My heart jumped for joy! “You’re kidding!” I said. “This is so exciting. I really wanted to join a Summer Reading Club this year. How wonderful!”

“Oh yes!” she said. “And for every 10 books you read you get a prize!”

I lugged my totebag up off the floor and started pulling out my books for her to scan. I could hardly believe it. What fun this would be!

But then she handed me the rules. There, underlined, were the words:

Children’s books DO NOT count.

As she scanned my tall stack of picture books, she added, “You have to read books for adults to be in the Summer Reading Club since you’re an adult.”

And that’s when I had to make a true confession. I don’t think I’ve read a book for adults in like ten years! I mean, I just reread “To Kill a Mockingbird” but that was filed in the children’s section under “Young Adult.” Other than that, I read mostly picture books. An occasional middle-grade novel. But adult books? I tried to rack my brain for the last title I read that was an adult book.

Stephen King? Danielle Steel? John Grisham? I don’t think so! Rosemary Wells and Mo Williams are more my style and reading tastes these days!

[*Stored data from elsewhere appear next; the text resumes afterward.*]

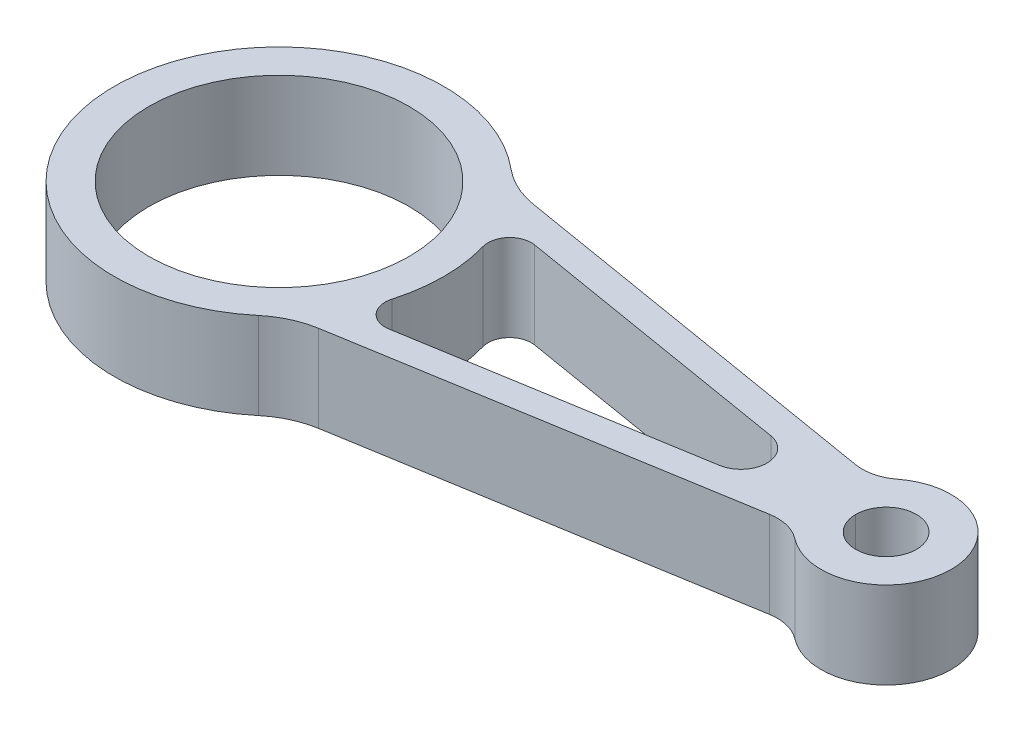
ISO-10303-21;
HEADER;
FILE_DESCRIPTION(('STEP AP214'),'2;1');
FILE_NAME('part.step','',(''),(''),'','','');
FILE_SCHEMA(('AUTOMOTIVE_DESIGN { 1 0 10303 214 1 1 1 1 }'));
ENDSEC;
DATA;
#1=APPLICATION_CONTEXT('core data for automotive mechanical design processes');
#2=APPLICATION_PROTOCOL_DEFINITION('international standard','automotive_design',2000,#1);
#3=PRODUCT_CONTEXT('',#1,'mechanical');
#4=PRODUCT('Part','Part','',(#3));
#5=PRODUCT_RELATED_PRODUCT_CATEGORY('part','',(#4));
#6=PRODUCT_DEFINITION_FORMATION('','',#4);
#7=PRODUCT_DEFINITION_CONTEXT('part definition',#1,'design');
#8=PRODUCT_DEFINITION('design','',#6,#7);
#9=PRODUCT_DEFINITION_SHAPE('','',#8);
#10=(LENGTH_UNIT() NAMED_UNIT(*) SI_UNIT(.MILLI.,.METRE.));
#11=(NAMED_UNIT(*) PLANE_ANGLE_UNIT() SI_UNIT($,.RADIAN.));
#12=(NAMED_UNIT(*) SI_UNIT($,.STERADIAN.) SOLID_ANGLE_UNIT());
#13=UNCERTAINTY_MEASURE_WITH_UNIT(LENGTH_MEASURE(1.E-05),#10,'distance_accuracy_value','');
#14=(GEOMETRIC_REPRESENTATION_CONTEXT(3) GLOBAL_UNCERTAINTY_ASSIGNED_CONTEXT((#13)) GLOBAL_UNIT_ASSIGNED_CONTEXT((#10,
#11,#12)) REPRESENTATION_CONTEXT('',''));
#15=CARTESIAN_POINT('',(0.,0.,0.));
#16=DIRECTION('',(0.,0.,1.));
#17=DIRECTION('',(1.,0.,0.));
#18=AXIS2_PLACEMENT_3D('',#15,#16,#17);
#19=CARTESIAN_POINT('',(140.,10.,0.));
#20=DIRECTION('',(0.,-1.,0.));
#21=DIRECTION('',(0.,0.,-1.));
#22=AXIS2_PLACEMENT_3D('',#19,#20,#21);
#23=CYLINDRICAL_SURFACE('',#22,7.00000000000001);
#24=CARTESIAN_POINT('',(140.,10.,0.));
#25=DIRECTION('',(0.,1.,0.));
#26=DIRECTION('',(0.,0.,1.));
#27=AXIS2_PLACEMENT_3D('',#24,#25,#26);
#28=CIRCLE('',#27,7.00000000000001);
#29=CARTESIAN_POINT('',(147.,10.,0.));
#30=VERTEX_POINT('',#29);
#31=CARTESIAN_POINT('',(133.,10.,0.));
#32=VERTEX_POINT('',#31);
#33=EDGE_CURVE('E211',#30,#32,#28,.T.);
#34=ORIENTED_EDGE('',*,*,#33,.T.);
#35=DIRECTION('',(0.,-1.,0.));
#36=VECTOR('',#35,1.);
#37=CARTESIAN_POINT('',(133.,10.,0.));
#38=LINE('',#37,#36);
#39=CARTESIAN_POINT('',(133.,-10.,0.));
#40=VERTEX_POINT('',#39);
#41=EDGE_CURVE('E11',#32,#40,#38,.T.);
#42=ORIENTED_EDGE('',*,*,#41,.T.);
#43=CARTESIAN_POINT('',(140.,-10.,0.));
#44=DIRECTION('',(0.,1.,0.));
#45=DIRECTION('',(0.,0.,1.));
#46=AXIS2_PLACEMENT_3D('',#43,#44,#45);
#47=CIRCLE('',#46,7.00000000000001);
#48=CARTESIAN_POINT('',(147.,-10.,0.));
#49=VERTEX_POINT('',#48);
#50=EDGE_CURVE('E216',#49,#40,#47,.T.);
#51=ORIENTED_EDGE('',*,*,#50,.F.);
#52=DIRECTION('',(0.,1.,0.));
#53=VECTOR('',#52,1.);
#54=CARTESIAN_POINT('',(147.,10.,0.));
#55=LINE('',#54,#53);
#56=EDGE_CURVE('E52',#49,#30,#55,.T.);
#57=ORIENTED_EDGE('',*,*,#56,.T.);
#58=EDGE_LOOP('',(#34,#42,#51,#57));
#59=FACE_BOUND('',#58,.T.);
#60=ADVANCED_FACE('F43',(#59),#23,.F.);
#61=CARTESIAN_POINT('',(140.,10.,0.));
#62=DIRECTION('',(0.,1.,0.));
#63=DIRECTION('',(0.,0.,1.));
#64=AXIS2_PLACEMENT_3D('',#61,#62,#63);
#65=PLANE('',#64);
#66=CARTESIAN_POINT('',(41.3287506491735,10.,-11.8715782345248));
#67=DIRECTION('',(0.,1.,0.));
#68=DIRECTION('',(0.,0.,1.));
#69=AXIS2_PLACEMENT_3D('',#66,#67,#68);
#70=CIRCLE('',#69,5.);
#71=CARTESIAN_POINT('',(42.1501792206021,10.,-16.8036422144465));
#72=VERTEX_POINT('',#71);
#73=CARTESIAN_POINT('',(36.523081969037,10.,-10.4911621607428));
#74=VERTEX_POINT('',#73);
#75=EDGE_CURVE('E177',#72,#74,#70,.T.);
#76=ORIENTED_EDGE('',*,*,#75,.F.);
#77=DIRECTION('',(0.986412795984335,0.,0.164285714285714));
#78=VECTOR('',#77,1.);
#79=CARTESIAN_POINT('',(42.1501792206021,10.,-16.8036422144465));
#80=LINE('',#79,#78);
#81=CARTESIAN_POINT('',(107.507453416149,10.,-5.91847677590601));
#82=VERTEX_POINT('',#81);
#83=EDGE_CURVE('E193',#72,#82,#80,.T.);
#84=ORIENTED_EDGE('',*,*,#83,.T.);
#85=CARTESIAN_POINT('',(106.521739130435,10.,0.));
#86=DIRECTION('',(0.,-1.,0.));
#87=DIRECTION('',(0.,0.,-1.));
#88=AXIS2_PLACEMENT_3D('',#85,#86,#87);
#89=CIRCLE('',#88,6.);
#90=CARTESIAN_POINT('',(107.507453416149,10.,5.91847677590601));
#91=VERTEX_POINT('',#90);
#92=EDGE_CURVE('E187',#82,#91,#89,.T.);
#93=ORIENTED_EDGE('',*,*,#92,.T.);
#94=DIRECTION('',(-0.986412795984335,0.,0.164285714285714));
#95=VECTOR('',#94,1.);
#96=CARTESIAN_POINT('',(107.507453416149,10.,5.91847677590601));
#97=LINE('',#96,#95);
#98=CARTESIAN_POINT('',(42.1501792206021,10.,16.8036422144465));
#99=VERTEX_POINT('',#98);
#100=EDGE_CURVE('E183',#91,#99,#97,.T.);
#101=ORIENTED_EDGE('',*,*,#100,.T.);
#102=CARTESIAN_POINT('',(41.3287506491735,10.,11.8715782345248));
#103=DIRECTION('',(0.,-1.,0.));
#104=DIRECTION('',(0.,0.,-1.));
#105=AXIS2_PLACEMENT_3D('',#102,#103,#104);
#106=CIRCLE('',#105,5.);
#107=CARTESIAN_POINT('',(36.523081969037,10.,10.4911621607428));
#108=VERTEX_POINT('',#107);
#109=EDGE_CURVE('E159',#99,#108,#106,.T.);
#110=ORIENTED_EDGE('',*,*,#109,.T.);
#111=CARTESIAN_POINT('',(0.,10.,0.));
#112=DIRECTION('',(0.,1.,0.));
#113=DIRECTION('',(0.,0.,1.));
#114=AXIS2_PLACEMENT_3D('',#111,#112,#113);
#115=CIRCLE('',#114,38.);
#116=EDGE_CURVE('E171',#108,#74,#115,.T.);
#117=ORIENTED_EDGE('',*,*,#116,.T.);
#118=EDGE_LOOP('',(#76,#84,#93,#101,#110,#117));
#119=FACE_BOUND('',#118,.T.);
#120=CARTESIAN_POINT('',(0.,10.,0.));
#121=DIRECTION('',(0.,1.,0.));
#122=DIRECTION('',(0.,0.,1.));
#123=AXIS2_PLACEMENT_3D('',#120,#121,#122);
#124=CIRCLE('',#123,30.);
#125=CARTESIAN_POINT('',(0.,10.,30.));
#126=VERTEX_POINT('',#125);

So I carted my hefty pile of picture books out to my car and made a decision. I’m gonna make this Summer Reading Club here on my blog even more official. And here’s the great news:

CHILDREN’S BOOKS COUNT!

So, here’s how our Summer Reading Club works:

For every 20 picture books you read or every middle-grade or young adult novel, STARTING TODAY post a comment here on my blog and let me know. I’ll put your name in a hat.

And if you read or reread a “how to write children’s books” book this summer, let me know and I’ll add your name to the hat again!

Our Summer Reading Club is officially over on Friday, September 3 at midnight.

Then, on Labor Day weekend, I’ll draw out one name from the hat and the winner wins a special prize! I’ll announce the winner of our Summer Reading Club on my blog on Monday, September 6.

The prize is a license plate from the Cafepress store my publisher set up for my book, Yes! You Can Learn How to Write Children’s Books, Get Them Published, and Build a Successful Writing Career.

license_Front

Now, isn’t this fun to belong to a Summer Reading Club where children’s books count?

Let’s get reading!


Responses

  1. Sounds like a barrel of fun. I read children’s books and middle grade books and young adult books all the time.

    • Oh, I’m glad you think this will be fun, too, Vivian! -Nancy

  2. Hah!

    You sound like me, but I haven’t checked that many out lately. 10 at a time is more my speed. I love seeing my teenagers avoid me and my husband wait in the car as I bring my pile to the check out desk, telling myself to have self-control, I can always come back tomorrow!

    I’m enjoying an adult book right now. I like to broaden my horizons occasionally. (Sometimes it’s like force feeding, though.)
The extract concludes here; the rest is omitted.